- Data entries:
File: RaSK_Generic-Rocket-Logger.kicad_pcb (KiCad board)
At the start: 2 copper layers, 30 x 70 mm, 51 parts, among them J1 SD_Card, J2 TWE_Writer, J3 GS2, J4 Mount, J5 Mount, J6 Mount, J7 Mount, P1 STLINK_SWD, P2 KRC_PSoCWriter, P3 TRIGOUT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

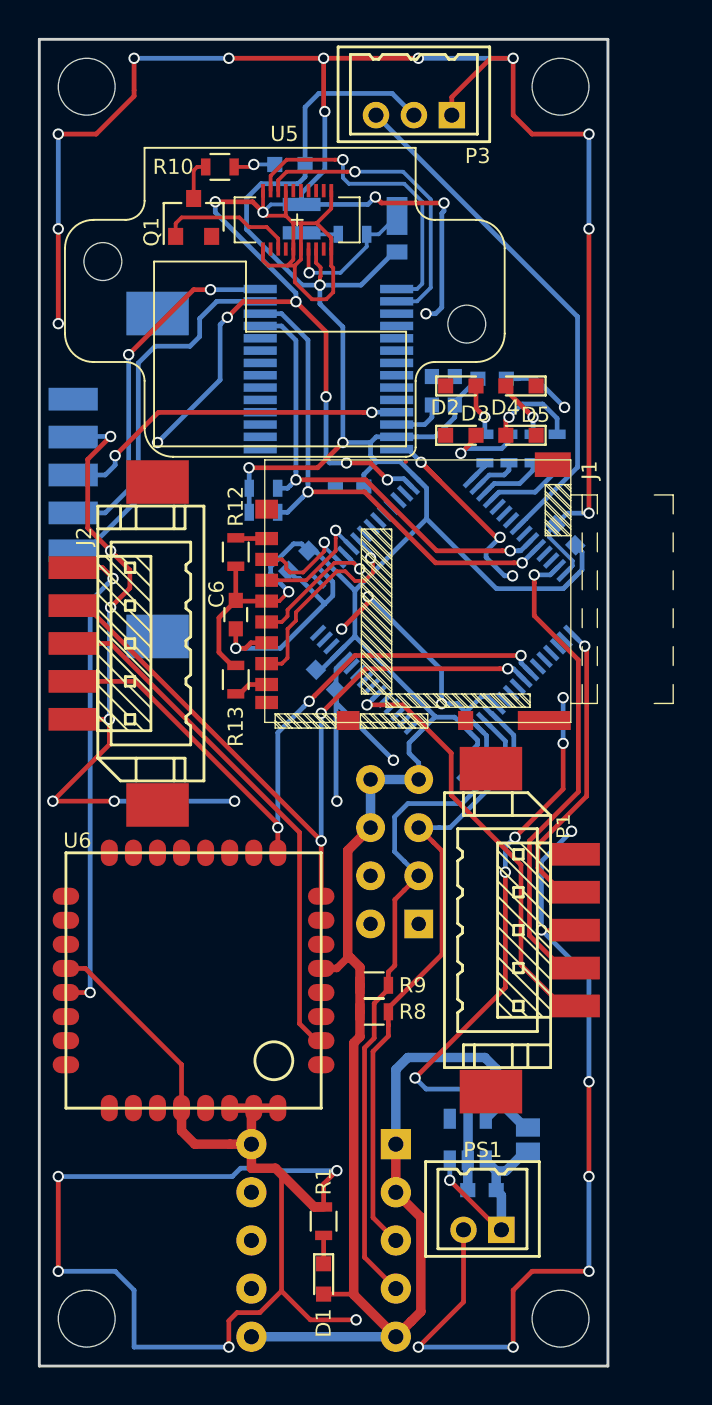
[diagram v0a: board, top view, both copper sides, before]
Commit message: add buzzer out and trigger pin to port
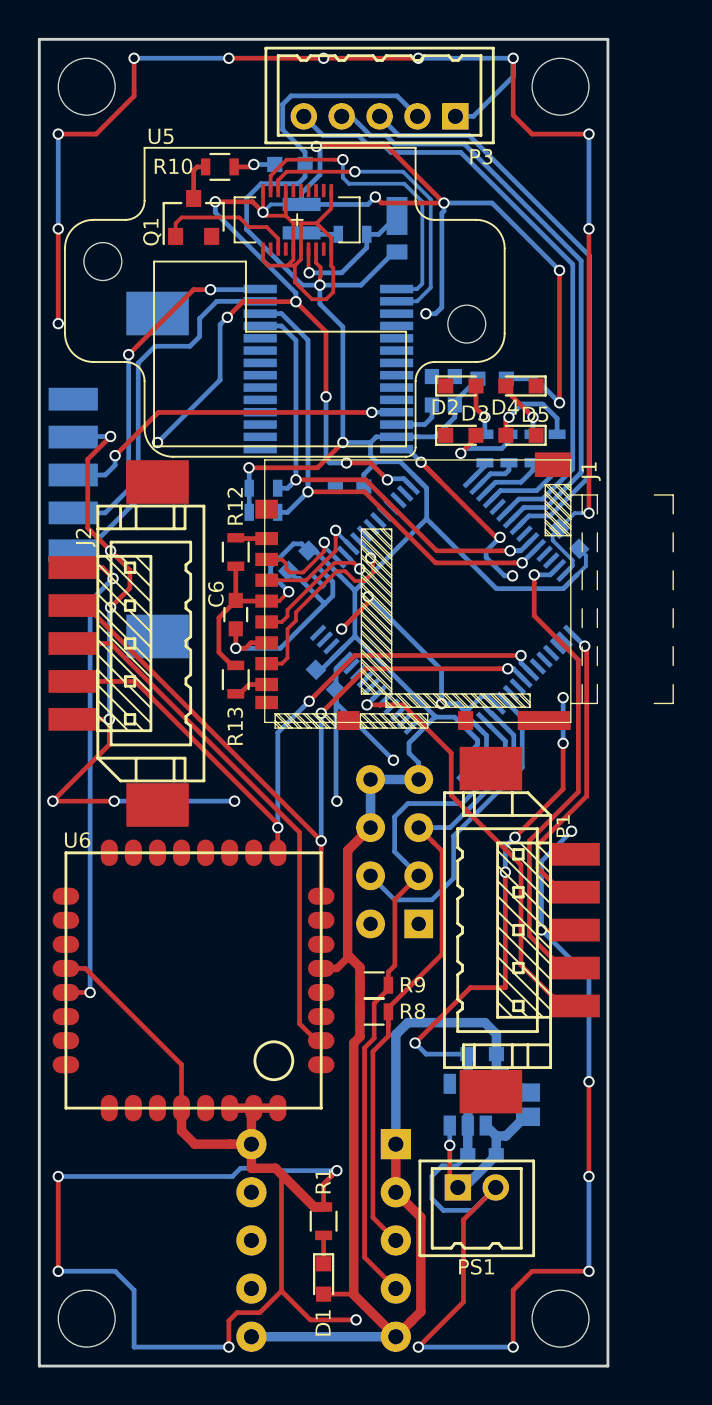
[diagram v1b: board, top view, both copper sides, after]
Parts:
- P3: value TRIGOUT -> PORT; footprint KUT_Connector:DF3A-3P-2DSA -> KUT_Connector:DF3A-5P-2DSA
- moved PS1 2.26 mm to (123.1, 160.6), turned to 180 degrees
- moved C1 1.84 mm to (123.4, 158.9)
- moved C2 1.84 mm to (123.4, 153.5)
- moved J3 1.84 mm to (125.8, 156.2)
- moved VR1 1.84 mm to (122.6, 156.2)
- moved P3 1.81 mm to (118.0, 104.1)
- moved C9 0.28 mm to (128.0, 126.4)
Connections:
- net /TRIGSIG renamed /TRIG
- U1 pad 38: (no net) -> /BUZZ
- U1 pad 39: (no net) -> /FPIN
- U1 pad 59: (no net) -> /LPS22HB_DRDY
- U3 pad 6: (no net) -> /LPS22HB_DRDY
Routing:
- net /BUZZ: track 0.00 -> 32.8 mm
- net /FPIN: track 0.00 -> 31.7 mm
- net GND: track 406.5 -> 433.2 mm, vias 57 -> 58
- net /LPS22HB_DRDY: track 0.00 -> 16.7 mm
- net +3V3: track 187.1 -> 190.8 mm
- net /TRIG: track 27.4 -> 30.7 mm
- net +6V: track 11.0 -> 10.1 mm

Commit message: board released
とりあえず完成品
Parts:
- added G***: LOGO, user_temp:rask, B.Cu at (105.1, 158.9)
- added G***: YUYUSHIKI_LOGO, user_temp:yuyushiki_logo, B.Cu at (124.9, 109.9)
- added G***: LOGO, user_temp:generalrocketlogger, F.Cu at (104.1, 159.8)
- added P4: UARTDebug, Pin_Headers:Pin_Header_Straight_1x04_Pitch2.54mm, B.Cu at (128.3, 162.4)
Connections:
- P3 pad 4: /FPIN -> /BUZZ
- P3 pad 5: /BUZZ -> /FPIN
- U1 pad 22: /SD_MOSI -> /SD_MISO
- U1 pad 23: /SD_MISO -> /SD_MOSI
- U1 pad 38: /BUZZ -> /FPIN
- U1 pad 39: /FPIN -> /BUZZ
- U1 pad 51: (no net) -> /Debug_MOUT
- U1 pad 52: (no net) -> /Debug_MIN
- U1 pad 55: /TWE_MIN -> /TWE_MOUT
- U1 pad 56: /TWE_MOUT -> /TWE_MIN
- U6 pad 8: /TWE_MOUT -> /TWE_MIN
- U6 pad 9: /TWE_MIN -> /TWE_MOUT
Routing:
- net /Debug_MIN: track 0.00 -> 27.0 mm
- net /Debug_MOUT: track 0.00 -> 24.0 mm
- net GND: track 433.2 -> 428.9 mm, vias 58 -> 59
- net /TWE_MIN: track 36.1 -> 39.0 mm, vias 3 -> 4
- net /TWE_MOUT: track 39.8 -> 37.6 mm, vias 3 -> 4
- net /SD_MISO: track 11.2 -> 9.65 mm
- net /FPIN: track 31.7 -> 32.8 mm
- net /BUZZ: track 32.8 -> 31.7 mm
- net /SD_CLK: track 7.66 -> 6.82 mm

- WORK REQUIRED: Search the entries above for the word "view", and copy every line where it occurs.

- EXERCISE SOLUTION:
[diagram v0a: board, top view, both copper sides, before]
[diagram v1b: board, top view, both copper sides, after]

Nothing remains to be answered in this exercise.